• [ACTIVITY]: With the pictures left out, output the records below exactly.

== Segment start ==

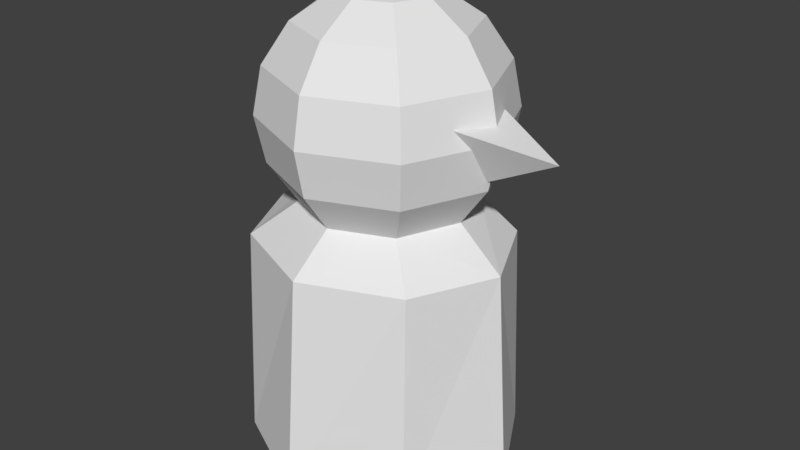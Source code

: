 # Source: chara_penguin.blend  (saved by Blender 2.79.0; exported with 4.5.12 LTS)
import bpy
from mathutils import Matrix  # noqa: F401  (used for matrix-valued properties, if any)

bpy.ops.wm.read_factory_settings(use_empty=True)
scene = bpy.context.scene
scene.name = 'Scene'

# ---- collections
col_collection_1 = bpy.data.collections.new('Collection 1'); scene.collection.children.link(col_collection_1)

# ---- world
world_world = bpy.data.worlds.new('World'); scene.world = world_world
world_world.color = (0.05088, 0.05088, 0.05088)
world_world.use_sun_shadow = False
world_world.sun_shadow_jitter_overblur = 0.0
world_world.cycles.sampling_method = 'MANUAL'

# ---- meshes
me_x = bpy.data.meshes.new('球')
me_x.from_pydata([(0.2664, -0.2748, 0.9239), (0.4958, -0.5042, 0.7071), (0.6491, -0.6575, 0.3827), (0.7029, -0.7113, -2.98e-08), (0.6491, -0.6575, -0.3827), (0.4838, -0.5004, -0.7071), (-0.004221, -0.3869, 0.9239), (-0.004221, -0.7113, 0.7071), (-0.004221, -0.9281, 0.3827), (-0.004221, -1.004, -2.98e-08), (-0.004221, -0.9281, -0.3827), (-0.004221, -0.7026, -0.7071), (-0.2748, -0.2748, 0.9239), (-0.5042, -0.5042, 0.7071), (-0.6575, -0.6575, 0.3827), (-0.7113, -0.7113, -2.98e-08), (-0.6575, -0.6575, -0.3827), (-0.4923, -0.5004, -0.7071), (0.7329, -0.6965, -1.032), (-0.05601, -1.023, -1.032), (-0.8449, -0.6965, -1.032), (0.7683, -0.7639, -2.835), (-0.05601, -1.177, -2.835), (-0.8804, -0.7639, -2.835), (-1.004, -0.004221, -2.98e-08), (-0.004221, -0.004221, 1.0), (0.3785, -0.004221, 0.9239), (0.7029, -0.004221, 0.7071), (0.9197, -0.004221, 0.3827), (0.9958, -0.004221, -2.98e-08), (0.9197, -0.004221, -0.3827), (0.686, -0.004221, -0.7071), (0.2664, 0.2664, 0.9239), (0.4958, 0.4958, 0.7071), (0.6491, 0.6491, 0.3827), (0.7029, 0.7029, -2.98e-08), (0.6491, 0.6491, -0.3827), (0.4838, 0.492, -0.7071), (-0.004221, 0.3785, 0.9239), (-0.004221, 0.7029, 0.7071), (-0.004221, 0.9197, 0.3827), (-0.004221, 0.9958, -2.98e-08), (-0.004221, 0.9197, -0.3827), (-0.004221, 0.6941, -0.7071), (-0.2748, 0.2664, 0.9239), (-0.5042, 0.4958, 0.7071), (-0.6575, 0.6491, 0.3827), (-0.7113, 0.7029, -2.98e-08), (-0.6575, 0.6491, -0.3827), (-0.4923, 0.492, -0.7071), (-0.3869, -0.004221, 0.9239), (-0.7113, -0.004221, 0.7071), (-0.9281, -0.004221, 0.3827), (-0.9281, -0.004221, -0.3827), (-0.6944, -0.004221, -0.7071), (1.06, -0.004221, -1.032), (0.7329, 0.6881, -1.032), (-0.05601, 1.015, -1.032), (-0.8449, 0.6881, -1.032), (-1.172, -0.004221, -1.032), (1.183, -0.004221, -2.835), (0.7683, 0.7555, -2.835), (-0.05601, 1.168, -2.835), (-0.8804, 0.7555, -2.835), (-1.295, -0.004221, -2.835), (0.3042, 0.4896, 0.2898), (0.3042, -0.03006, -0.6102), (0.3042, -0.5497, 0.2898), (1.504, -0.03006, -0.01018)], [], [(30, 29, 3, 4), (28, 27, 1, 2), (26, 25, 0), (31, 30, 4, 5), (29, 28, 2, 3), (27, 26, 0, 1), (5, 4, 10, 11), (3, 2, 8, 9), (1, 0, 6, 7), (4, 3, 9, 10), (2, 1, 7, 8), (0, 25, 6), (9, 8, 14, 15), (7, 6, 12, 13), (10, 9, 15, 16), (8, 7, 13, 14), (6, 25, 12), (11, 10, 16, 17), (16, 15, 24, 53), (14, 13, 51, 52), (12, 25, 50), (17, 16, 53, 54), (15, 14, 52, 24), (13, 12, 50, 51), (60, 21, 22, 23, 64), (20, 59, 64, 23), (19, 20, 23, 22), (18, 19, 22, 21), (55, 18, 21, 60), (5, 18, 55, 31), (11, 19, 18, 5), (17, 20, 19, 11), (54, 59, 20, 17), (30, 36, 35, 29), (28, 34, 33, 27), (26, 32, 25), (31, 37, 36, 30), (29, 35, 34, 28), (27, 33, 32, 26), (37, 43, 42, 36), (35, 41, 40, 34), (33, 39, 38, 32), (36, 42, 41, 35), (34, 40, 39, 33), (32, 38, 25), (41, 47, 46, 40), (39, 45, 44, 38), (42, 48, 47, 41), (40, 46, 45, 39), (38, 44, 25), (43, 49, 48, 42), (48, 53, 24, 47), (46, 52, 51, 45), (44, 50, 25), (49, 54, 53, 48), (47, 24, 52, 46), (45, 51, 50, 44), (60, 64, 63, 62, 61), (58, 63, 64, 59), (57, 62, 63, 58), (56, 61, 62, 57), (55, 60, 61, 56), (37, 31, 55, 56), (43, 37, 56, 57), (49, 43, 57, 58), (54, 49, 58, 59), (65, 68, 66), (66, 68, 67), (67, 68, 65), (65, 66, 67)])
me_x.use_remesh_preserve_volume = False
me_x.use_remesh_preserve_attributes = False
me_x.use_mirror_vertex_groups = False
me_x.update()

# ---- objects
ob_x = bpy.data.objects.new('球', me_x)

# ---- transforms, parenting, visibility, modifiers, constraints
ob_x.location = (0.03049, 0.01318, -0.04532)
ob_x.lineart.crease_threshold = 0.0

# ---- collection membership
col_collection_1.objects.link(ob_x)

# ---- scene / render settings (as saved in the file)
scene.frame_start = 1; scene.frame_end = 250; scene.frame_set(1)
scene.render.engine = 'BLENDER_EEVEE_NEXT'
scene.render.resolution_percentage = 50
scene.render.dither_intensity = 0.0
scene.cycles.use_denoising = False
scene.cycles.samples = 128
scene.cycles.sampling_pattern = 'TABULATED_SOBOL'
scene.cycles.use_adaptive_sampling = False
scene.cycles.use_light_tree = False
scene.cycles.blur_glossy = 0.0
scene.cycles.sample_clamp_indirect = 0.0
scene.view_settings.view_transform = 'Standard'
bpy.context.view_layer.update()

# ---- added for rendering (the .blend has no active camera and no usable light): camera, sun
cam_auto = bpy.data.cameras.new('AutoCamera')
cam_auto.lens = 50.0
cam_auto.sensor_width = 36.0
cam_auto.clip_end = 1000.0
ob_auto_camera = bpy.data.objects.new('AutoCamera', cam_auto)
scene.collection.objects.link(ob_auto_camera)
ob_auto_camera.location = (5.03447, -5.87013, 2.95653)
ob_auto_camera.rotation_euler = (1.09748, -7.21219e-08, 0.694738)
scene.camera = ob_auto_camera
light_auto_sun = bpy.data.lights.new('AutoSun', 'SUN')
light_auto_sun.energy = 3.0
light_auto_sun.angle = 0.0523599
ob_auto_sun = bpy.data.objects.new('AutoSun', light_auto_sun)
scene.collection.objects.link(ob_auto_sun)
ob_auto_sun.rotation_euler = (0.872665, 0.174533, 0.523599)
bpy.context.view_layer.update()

== Segment end ==

• [TASK SOLUTION]:
Source code

: # Source: chara_penguin.blend  (saved by Blender 2.79.0; exported with 4.5.12 LTS)
import bpy
from mathutils import Matrix  # noqa: F401  (used for matrix-valued properties, if any)

bpy.ops.wm.read_factory_settings(use_empty=True)
scene = bpy.context.scene
scene.name = 'Scene'

# ---- collections
col_collection_1 = bpy.data.collections.new('Collection 1'); scene.collection.children.link(col_collection_1)

# ---- world
world_world = bpy.data.worlds.new('World'); scene.world = world_world
world_world.color = (0.05088, 0.05088, 0.05088)
world_world.use_sun_shadow = False
world_world.sun_shadow_jitter_overblur = 0.0
world_world.cycles.sampling_method = 'MANUAL'

# ---- meshes
me_x = bpy.data.meshes.new('球')
me_x.from_pydata([(0.2664, -0.2748, 0.9239), (0.4958, -0.5042, 0.7071), (0.6491, -0.6575, 0.3827), (0.7029, -0.7113, -2.98e-08), (0.6491, -0.6575, -0.3827), (0.4838, -0.5004, -0.7071), (-0.004221, -0.3869, 0.9239), (-0.004221, -0.7113, 0.7071), (-0.004221, -0.9281, 0.3827), (-0.004221, -1.004, -2.98e-08), (-0.004221, -0.9281, -0.3827), (-0.004221, -0.7026, -0.7071), (-0.2748, -0.2748, 0.9239), (-0.5042, -0.5042, 0.7071), (-0.6575, -0.6575, 0.3827), (-0.7113, -0.7113, -2.98e-08), (-0.6575, -0.6575, -0.3827), (-0.4923, -0.5004, -0.7071), (0.7329, -0.6965, -1.032), (-0.05601, -1.023, -1.032), (-0.8449, -0.6965, -1.032), (0.7683, -0.7639, -2.835), (-0.05601, -1.177, -2.835), (-0.8804, -0.7639, -2.835), (-1.004, -0.004221, -2.98e-08), (-0.004221, -0.004221, 1.0), (0.3785, -0.004221, 0.9239), (0.7029, -0.004221, 0.7071), (0.9197, -0.004221, 0.3827), (0.9958, -0.004221, -2.98e-08), (0.9197, -0.004221, -0.3827), (0.686, -0.004221, -0.7071), (0.2664, 0.2664, 0.9239), (0.4958, 0.4958, 0.7071), (0.6491, 0.6491, 0.3827), (0.7029, 0.7029, -2.98e-08), (0.6491, 0.6491, -0.3827), (0.4838, 0.492, -0.7071), (-0.004221, 0.3785, 0.9239), (-0.004221, 0.7029, 0.7071), (-0.004221, 0.9197, 0.3827), (-0.004221, 0.9958, -2.98e-08), (-0.004221, 0.9197, -0.3827), (-0.004221, 0.6941, -0.7071), (-0.2748, 0.2664, 0.9239), (-0.5042, 0.4958, 0.7071), (-0.6575, 0.6491, 0.3827), (-0.7113, 0.7029, -2.98e-08), (-0.6575, 0.6491, -0.3827), (-0.4923, 0.492, -0.7071), (-0.3869, -0.004221, 0.9239), (-0.7113, -0.004221, 0.7071), (-0.9281, -0.004221, 0.3827), (-0.9281, -0.004221, -0.3827), (-0.6944, -0.004221, -0.7071), (1.06, -0.004221, -1.032), (0.7329, 0.6881, -1.032), (-0.05601, 1.015, -1.032), (-0.8449, 0.6881, -1.032), (-1.172, -0.004221, -1.032), (1.183, -0.004221, -2.835), (0.7683, 0.7555, -2.835), (-0.05601, 1.168, -2.835), (-0.8804, 0.7555, -2.835), (-1.295, -0.004221, -2.835), (0.3042, 0.4896, 0.2898), (0.3042, -0.03006, -0.6102), (0.3042, -0.5497, 0.2898), (1.504, -0.03006, -0.01018)], [], [(30, 29, 3, 4), (28, 27, 1, 2), (26, 25, 0), (31, 30, 4, 5), (29, 28, 2, 3), (27, 26, 0, 1), (5, 4, 10, 11), (3, 2, 8, 9), (1, 0, 6, 7), (4, 3, 9, 10), (2, 1, 7, 8), (0, 25, 6), (9, 8, 14, 15), (7, 6, 12, 13), (10, 9, 15, 16), (8, 7, 13, 14), (6, 25, 12), (11, 10, 16, 17), (16, 15, 24, 53), (14, 13, 51, 52), (12, 25, 50), (17, 16, 53, 54), (15, 14, 52, 24), (13, 12, 50, 51), (60, 21, 22, 23, 64), (20, 59, 64, 23), (19, 20, 23, 22), (18, 19, 22, 21), (55, 18, 21, 60), (5, 18, 55, 31), (11, 19, 18, 5), (17, 20, 19, 11), (54, 59, 20, 17), (30, 36, 35, 29), (28, 34, 33, 27), (26, 32, 25), (31, 37, 36, 30), (29, 35, 34, 28), (27, 33, 32, 26), (37, 43, 42, 36), (35, 41, 40, 34), (33, 39, 38, 32), (36, 42, 41, 35), (34, 40, 39, 33), (32, 38, 25), (41, 47, 46, 40), (39, 45, 44, 38), (42, 48, 47, 41), (40, 46, 45, 39), (38, 44, 25), (43, 49, 48, 42), (48, 53, 24, 47), (46, 52, 51, 45), (44, 50, 25), (49, 54, 53, 48), (47, 24, 52, 46), (45, 51, 50, 44), (60, 64, 63, 62, 61), (58, 63, 64, 59), (57, 62, 63, 58), (56, 61, 62, 57), (55, 60, 61, 56), (37, 31, 55, 56), (43, 37, 56, 57), (49, 43, 57, 58), (54, 49, 58, 59), (65, 68, 66), (66, 68, 67), (67, 68, 65), (65, 66, 67)])
me_x.use_remesh_preserve_volume = False
me_x.use_remesh_preserve_attributes = False
me_x.use_mirror_vertex_groups = False
me_x.update()

# ---- objects
ob_x = bpy.data.objects.new('球', me_x)

# ---- transforms, parenting, visibility, modifiers, constraints
ob_x.location = (0.03049, 0.01318, -0.04532)
ob_x.lineart.crease_threshold = 0.0

# ---- collection membership
col_collection_1.objects.link(ob_x)

# ---- scene / render settings (as saved in the file)
scene.frame_start = 1; scene.frame_end = 250; scene.frame_set(1)
scene.render.engine = 'BLENDER_EEVEE_NEXT'
scene.render.resolution_percentage = 50
scene.render.dither_intensity = 0.0
scene.cycles.use_denoising = False
scene.cycles.samples = 128
scene.cycles.sampling_pattern = 'TABULATED_SOBOL'
scene.cycles.use_adaptive_sampling = False
scene.cycles.use_light_tree = False
scene.cycles.blur_glossy = 0.0
scene.cycles.sample_clamp_indirect = 0.0
scene.view_settings.view_transform = 'Standard'
bpy.context.view_layer.update()

# ---- added for rendering (the .blend has no active camera and no usable light): camera, sun
cam_auto = bpy.data.cameras.new('AutoCamera')
cam_auto.lens = 50.0
cam_auto.sensor_width = 36.0
cam_auto.clip_end = 1000.0
ob_auto_camera = bpy.data.objects.new('AutoCamera', cam_auto)
scene.collection.objects.link(ob_auto_camera)
ob_auto_camera.location = (5.03447, -5.87013, 2.95653)
ob_auto_camera.rotation_euler = (1.09748, -7.21219e-08, 0.694738)
scene.camera = ob_auto_camera
light_auto_sun = bpy.data.lights.new('AutoSun', 'SUN')
light_auto_sun.energy = 3.0
light_auto_sun.angle = 0.0523599
ob_auto_sun = bpy.data.objects.new('AutoSun', light_auto_sun)
scene.collection.objects.link(ob_auto_sun)
ob_auto_sun.rotation_euler = (0.872665, 0.174533, 0.523599)
bpy.context.view_layer.update()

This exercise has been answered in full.